When God wants to change the world, He does not seem to choose a big event to bring it about. The greatest event of all took place in a tiny corner of the Roman Empire, very much, what we would call “the sticks.” It attracted little immediate attention, but now it is the center of our lives. Along with Easter, it is the very source of all our hopes. God saw fit to reveal Himself in this way: the Son of God took on our human nature, wedded it with His divine nature, and was born in the person of Jesus of Christ; born of Mary, the Virgin Mother of the God-man.

 

This is God’s plan. Unexpected. Not really understood by contemporaries of this young child, even though they had the prophets before them who laid it out quite clearly. ”Behold a Virgin shall conceive and bear a son and you shall give Him the name Emmanuel” Matt 2, 23, that is, God-with-us.

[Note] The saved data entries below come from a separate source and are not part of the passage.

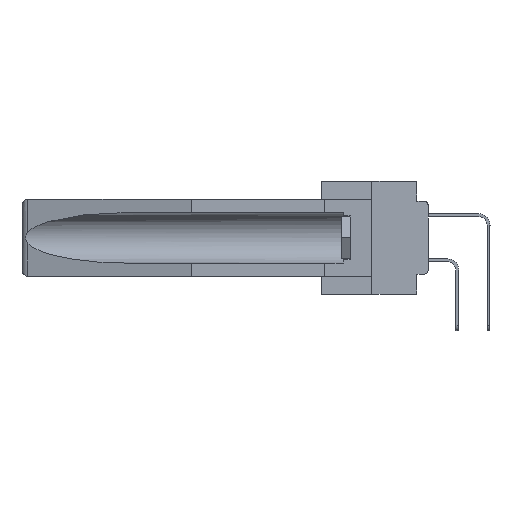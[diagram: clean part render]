
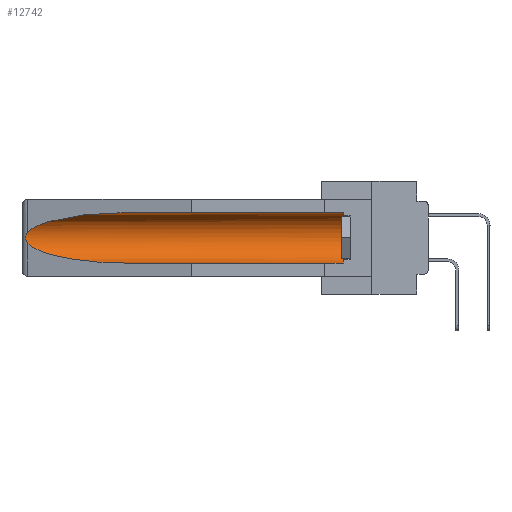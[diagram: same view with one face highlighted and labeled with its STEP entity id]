
A CAD part, left-side view. The second image highlights one B-rep face of the part: STEP entity #12742.
In plain terms, the highlighted cylindrical face has radius 2.857 mm (diameter 5.715 mm), a partial arc.
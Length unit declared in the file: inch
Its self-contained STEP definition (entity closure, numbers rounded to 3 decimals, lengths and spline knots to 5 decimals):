
#198 = CARTESIAN_POINT ( 'NONE',  ( 0.2675, 1.53308, -0.17534 ) ) ;
#292 = EDGE_CURVE ( 'NONE', #12893, #26331, #24643, .T. ) ;
#403 = CARTESIAN_POINT ( 'NONE',  ( 0.26537, 1.52718, -0.14972 ) ) ;
#547 = FACE_OUTER_BOUND ( 'NONE', #8751, .T. ) ;
#893 = CARTESIAN_POINT ( 'NONE',  ( 0.25451, 1.48313, -0.09465 ) ) ;
#2131 = CARTESIAN_POINT ( 'NONE',  ( 0.155, 0.126, -0.284 ) ) ;
#2896 = AXIS2_PLACEMENT_3D ( 'NONE', #5522, #5727, #15255 ) ;
#4227 = CARTESIAN_POINT ( 'NONE',  ( 0.155, 1.07973, -0.059 ) ) ;
#5254 = CARTESIAN_POINT ( 'NONE',  ( 0.2675, 1.53308, -0.16763 ) ) ;
#5522 = CARTESIAN_POINT ( 'NONE',  ( 0.155, -0.30754, -0.1715 ) ) ;
#5727 = DIRECTION ( 'NONE',  ( 0., 1., 0. ) ) ;
#5830 = DIRECTION ( 'NONE',  ( 0., -1., 0. ) ) ;
#6938 = CARTESIAN_POINT ( 'NONE',  ( 0.25451, 1.48313, -0.24835 ) ) ;
#7372 = CARTESIAN_POINT ( 'NONE',  ( 0.26597, 1.52961, -0.15275 ) ) ;
#7940 = AXIS2_PLACEMENT_3D ( 'NONE', #17822, #5830, #15642 ) ;
#8128 = CARTESIAN_POINT ( 'NONE',  ( 0.155, 1.07973, -0.284 ) ) ;
#8637 = DIRECTION ( 'NONE',  ( 0., 1., 0. ) ) ;
#8751 = EDGE_LOOP ( 'NONE', ( #20984, #21102, #9882, #10970, #22609, #20809 ) ) ;
#9882 = ORIENTED_EDGE ( 'NONE', *, *, #29986, .T. ) ;
#9934 = CARTESIAN_POINT ( 'NONE',  ( 0.26537, 1.52718, -0.14972 ) ) ;
#10054 = CARTESIAN_POINT ( 'NONE',  ( 0.26597, 1.5296, -0.19026 ) ) ;
#10134 = LINE ( 'NONE', #17518, #10869 ) ;
#10869 = VECTOR ( 'NONE', #15435, 39.37008 ) ;
#10970 = ORIENTED_EDGE ( 'NONE', *, *, #15511, .F. ) ;
#11609 = VERTEX_POINT ( 'NONE', #4227 ) ;
#12742 = ADVANCED_FACE ( 'NONE', ( #547 ), #20523, .F. ) ;
#12893 = VERTEX_POINT ( 'NONE', #24625 ) ;
#12903 = VERTEX_POINT ( 'NONE', #8128 ) ;
#13728 = VECTOR ( 'NONE', #8637, 39.37008 ) ;
#13769 = CARTESIAN_POINT ( 'NONE',  ( 0.155, 1.07973, -0.284 ) ) ;
#14300 = EDGE_CURVE ( 'NONE', #28640, #11609, #10134, .T. ) ;
#14486 = CARTESIAN_POINT ( 'NONE',  ( 0.21114, 1.30732, -0.059 ) ) ;
#14787 = CARTESIAN_POINT ( 'NONE',  ( 0.26654, 1.53092, -0.15636 ) ) ;
#15255 = DIRECTION ( 'NONE',  ( 0., 0., 1. ) ) ;
#15435 = DIRECTION ( 'NONE',  ( 0., 1., 0. ) ) ;
#15511 = EDGE_CURVE ( 'NONE', #18412, #12903, #24785, .T. ) ;
#15642 = DIRECTION ( 'NONE',  ( 0., 0., 1. ) ) ;
#16315 =( BOUNDED_CURVE ( )  B_SPLINE_CURVE ( 3, ( #19111, #14486, #893, #9934 ),
 .UNSPECIFIED., .F., .F. ) 
 B_SPLINE_CURVE_WITH_KNOTS ( ( 4, 4 ),
 ( 4.71239, 6.08839 ),
 .UNSPECIFIED. ) 
 CURVE ( )  GEOMETRIC_REPRESENTATION_ITEM ( )  RATIONAL_B_SPLINE_CURVE ( ( 1., 0.848, 0.848, 1. ) ) 
 REPRESENTATION_ITEM ( '' )  );
#17518 = CARTESIAN_POINT ( 'NONE',  ( 0.155, -0.30754, -0.059 ) ) ;
#17822 = CARTESIAN_POINT ( 'NONE',  ( 0.155, 0.126, -0.1715 ) ) ;
#18412 = VERTEX_POINT ( 'NONE', #2131 ) ;
#19111 = CARTESIAN_POINT ( 'NONE',  ( 0.155, 1.07973, -0.059 ) ) ;
#20368 = EDGE_CURVE ( 'NONE', #11609, #12893, #16315, .T. ) ;
#20485 =( BOUNDED_CURVE ( )  B_SPLINE_CURVE ( 3, ( #28231, #6938, #28038, #13769 ),
 .UNSPECIFIED., .F., .F. ) 
 B_SPLINE_CURVE_WITH_KNOTS ( ( 4, 4 ),
 ( 0.1948, 1.5708 ),
 .UNSPECIFIED. ) 
 CURVE ( )  GEOMETRIC_REPRESENTATION_ITEM ( )  RATIONAL_B_SPLINE_CURVE ( ( 1., 0.848, 0.848, 1. ) ) 
 REPRESENTATION_ITEM ( '' )  );
#20523 = CYLINDRICAL_SURFACE ( 'NONE', #2896, 0.1125 ) ;
#20611 = CARTESIAN_POINT ( 'NONE',  ( 0.155, -0.30754, -0.284 ) ) ;
#20809 = ORIENTED_EDGE ( 'NONE', *, *, #14300, .T. ) ;
#20984 = ORIENTED_EDGE ( 'NONE', *, *, #20368, .T. ) ;
#21102 = ORIENTED_EDGE ( 'NONE', *, *, #292, .T. ) ;
#21806 = CARTESIAN_POINT ( 'NONE',  ( 0.26655, 1.53094, -0.18657 ) ) ;
#22609 = ORIENTED_EDGE ( 'NONE', *, *, #24699, .T. ) ;
#22824 = CARTESIAN_POINT ( 'NONE',  ( 0.155, 0.126, -0.059 ) ) ;
#24625 = CARTESIAN_POINT ( 'NONE',  ( 0.26537, 1.52718, -0.14972 ) ) ;
#24643 = B_SPLINE_CURVE_WITH_KNOTS ( 'NONE', 3,
 ( #403, #7372, #14787, #28446, #5254, #198, #28648, #21806, #10054, #28747 ),
 .UNSPECIFIED., .F., .F.,
 ( 4, 2, 2, 2, 4 ),
 ( 0., 0.00029, 0.00058, 0.00087, 0.00117 ),
 .UNSPECIFIED. ) ;
#24699 = EDGE_CURVE ( 'NONE', #18412, #28640, #30049, .T. ) ;
#24785 = LINE ( 'NONE', #20611, #13728 ) ;
#26331 = VERTEX_POINT ( 'NONE', #27518 ) ;
#27518 = CARTESIAN_POINT ( 'NONE',  ( 0.26537, 1.52718, -0.19328 ) ) ;
#28038 = CARTESIAN_POINT ( 'NONE',  ( 0.21114, 1.30732, -0.284 ) ) ;
#28231 = CARTESIAN_POINT ( 'NONE',  ( 0.26537, 1.52718, -0.19328 ) ) ;
#28446 = CARTESIAN_POINT ( 'NONE',  ( 0.2673, 1.5327, -0.16383 ) ) ;
#28640 = VERTEX_POINT ( 'NONE', #22824 ) ;
#28648 = CARTESIAN_POINT ( 'NONE',  ( 0.2673, 1.53269, -0.17917 ) ) ;
#28747 = CARTESIAN_POINT ( 'NONE',  ( 0.26537, 1.52718, -0.19328 ) ) ;
#29986 = EDGE_CURVE ( 'NONE', #26331, #12903, #20485, .T. ) ;
#30049 = CIRCLE ( 'NONE', #7940, 0.1125 ) ;
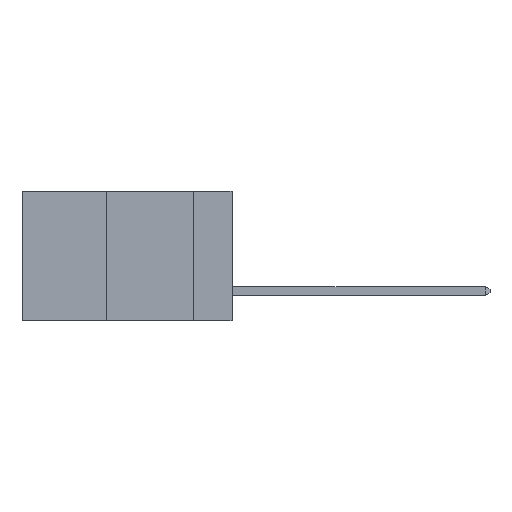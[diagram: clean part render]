
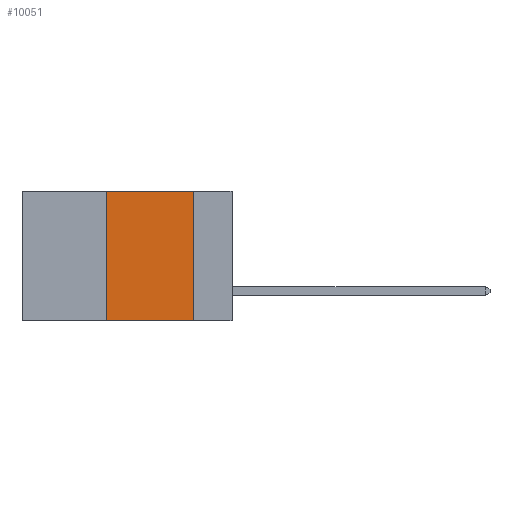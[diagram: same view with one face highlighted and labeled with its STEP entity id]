
A CAD part, left-side view. The second image highlights one B-rep face of the part: STEP entity #10051.
In plain terms, the highlighted planar face has unit normal (-1, 0, 0).
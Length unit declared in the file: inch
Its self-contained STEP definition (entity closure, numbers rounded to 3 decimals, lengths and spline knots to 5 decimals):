
#32 = CARTESIAN_POINT ( 'NONE',  ( 0., 0.36, 0. ) ) ;
#663 = LINE ( 'NONE', #7118, #4209 ) ;
#2296 = DIRECTION ( 'NONE',  ( 0., 0., -1. ) ) ;
#2944 = VERTEX_POINT ( 'NONE', #32 ) ;
#2988 = LINE ( 'NONE', #7503, #7885 ) ;
#3293 = FACE_OUTER_BOUND ( 'NONE', #7871, .T. ) ;
#3303 = VERTEX_POINT ( 'NONE', #10775 ) ;
#4209 = VECTOR ( 'NONE', #5516, 39.37008 ) ;
#4731 = EDGE_CURVE ( 'NONE', #5717, #2944, #663, .T. ) ;
#5136 = LINE ( 'NONE', #5465, #5752 ) ;
#5403 = DIRECTION ( 'NONE',  ( 0., 0., -1. ) ) ;
#5465 = CARTESIAN_POINT ( 'NONE',  ( 0., 0.6, -0.37 ) ) ;
#5516 = DIRECTION ( 'NONE',  ( 0., 0., 1. ) ) ;
#5717 = VERTEX_POINT ( 'NONE', #6643 ) ;
#5752 = VECTOR ( 'NONE', #7828, 39.37008 ) ;
#6048 = EDGE_CURVE ( 'NONE', #5717, #3303, #5136, .T. ) ;
#6261 = VECTOR ( 'NONE', #5403, 39.37008 ) ;
#6292 = PLANE ( 'NONE',  #10037 ) ;
#6643 = CARTESIAN_POINT ( 'NONE',  ( 0., 0.36, -0.37 ) ) ;
#6898 = ORIENTED_EDGE ( 'NONE', *, *, #9146, .F. ) ;
#7118 = CARTESIAN_POINT ( 'NONE',  ( 0., 0.36, 0. ) ) ;
#7189 = ORIENTED_EDGE ( 'NONE', *, *, #6048, .T. ) ;
#7238 = CARTESIAN_POINT ( 'NONE',  ( 0., 0.6, 0. ) ) ;
#7503 = CARTESIAN_POINT ( 'NONE',  ( 0., 0.6, 0. ) ) ;
#7828 = DIRECTION ( 'NONE',  ( 0., -1., 0. ) ) ;
#7871 = EDGE_LOOP ( 'NONE', ( #6898, #11630, #9350, #7189 ) ) ;
#7885 = VECTOR ( 'NONE', #8422, 39.37008 ) ;
#8169 = DIRECTION ( 'NONE',  ( 1., 0., 0. ) ) ;
#8422 = DIRECTION ( 'NONE',  ( 0., -1., 0. ) ) ;
#9146 = EDGE_CURVE ( 'NONE', #10263, #3303, #10855, .T. ) ;
#9350 = ORIENTED_EDGE ( 'NONE', *, *, #4731, .F. ) ;
#10037 = AXIS2_PLACEMENT_3D ( 'NONE', #7238, #8169, #2296 ) ;
#10051 = ADVANCED_FACE ( 'NONE', ( #3293 ), #6292, .F. ) ;
#10263 = VERTEX_POINT ( 'NONE', #11928 ) ;
#10775 = CARTESIAN_POINT ( 'NONE',  ( 0., 0.11, -0.37 ) ) ;
#10855 = LINE ( 'NONE', #11705, #6261 ) ;
#11283 = EDGE_CURVE ( 'NONE', #2944, #10263, #2988, .T. ) ;
#11630 = ORIENTED_EDGE ( 'NONE', *, *, #11283, .F. ) ;
#11705 = CARTESIAN_POINT ( 'NONE',  ( 0., 0.11, 0. ) ) ;
#11928 = CARTESIAN_POINT ( 'NONE',  ( 0., 0.11, 0. ) ) ;

However, they did not understand this child was someone very special.

 

This is a great event. But He was born for one purpose only. That would happen some years later when that body, now grown, born of a woman, would be nailed to a tree There He would suffer and die in order that we might have life.

 

Even today, people do not understand what this day is all about. It is a time for some artificial happiness. It is a time to feast well. But what is “the reason for the season,” as they say, if it is not the fact that you and I were so lost, so unredeemed that God had to intervene in history in order to redeem us? For that is exactly what He did.

 

Christmas was a beginning; the culmination of that beginning in Bethlehem of Judea would come outside the walls of Jerusalem in Jesus’ passion, death and resurrection when He would do battle once and for all with sin, Satan and death and defeat them all for our sakes.

 

This is the reason why we celebrate the Christmas season. It comes to us quietly in the stillness of the night, this mystery that begins to unfold in a little child. Who can plumb the depths of the mystery? “God so loved the world that He gave His only begotten Son” John 4, 14:15. That is the basis for the entire gift exchanging that we are involved in during this season. Separate Jesus from it and it becomes merely a sentimental shot of the arm for sales. Our faith tells us that it is much more than that.

 

I heard a story recently that I would like to share with you. A woman was out doing Christmas shopping with her two children. They were little toddlers. She was dragging them from store to store to store. She was looking at the shelves and making her choices and her purchases. The children were asking for everything that they saw, as children would do. She was weary. She had been preparing for Christmas for weeks with cooking and the cleaning and wrapping packages and making sure that all of the cards were sent.

 

Now it was over and she was in the top floor of the department store ready to go home. She pressed the elevator button and the elevator doors opened. It was already crowded. Nevertheless, she pulled the two little ones who had decided to sit down on the floor for a while. (If you are a parent, you know what it is like to have little ones that are not always receptive to what we want them to do.) Finally, she got them into the crowded elevator with all of her packages. Then the doors closed and she could not take it any more. She lost it! She said for everyone in that elevator to hear, “Whoever started this whole Christmas thing should be found, strung up and shot.” From the back of the car, everyone heard a quiet voice respond, “Don’t worry. We already crucified Him.” For the rest of the trip down, the elevator was so quiet you could have heard a pin drop.

 

That, my friends, is the reason for the season. If this Christmas is not up to your expectations, if you have done, all that you have thought you had to do, and it still does not quite make it emotionally, you might remember that we are not celebrating a big event. We are celebrating a great event and God’s events come creeping in on little cat’s feet. If we are ever tempted to become discouraged about the season and about all that it means, we might follow the angel’s advice, “Go ye, even unto Bethlehem and see this thing which has come to pass.” Luke 2, 15.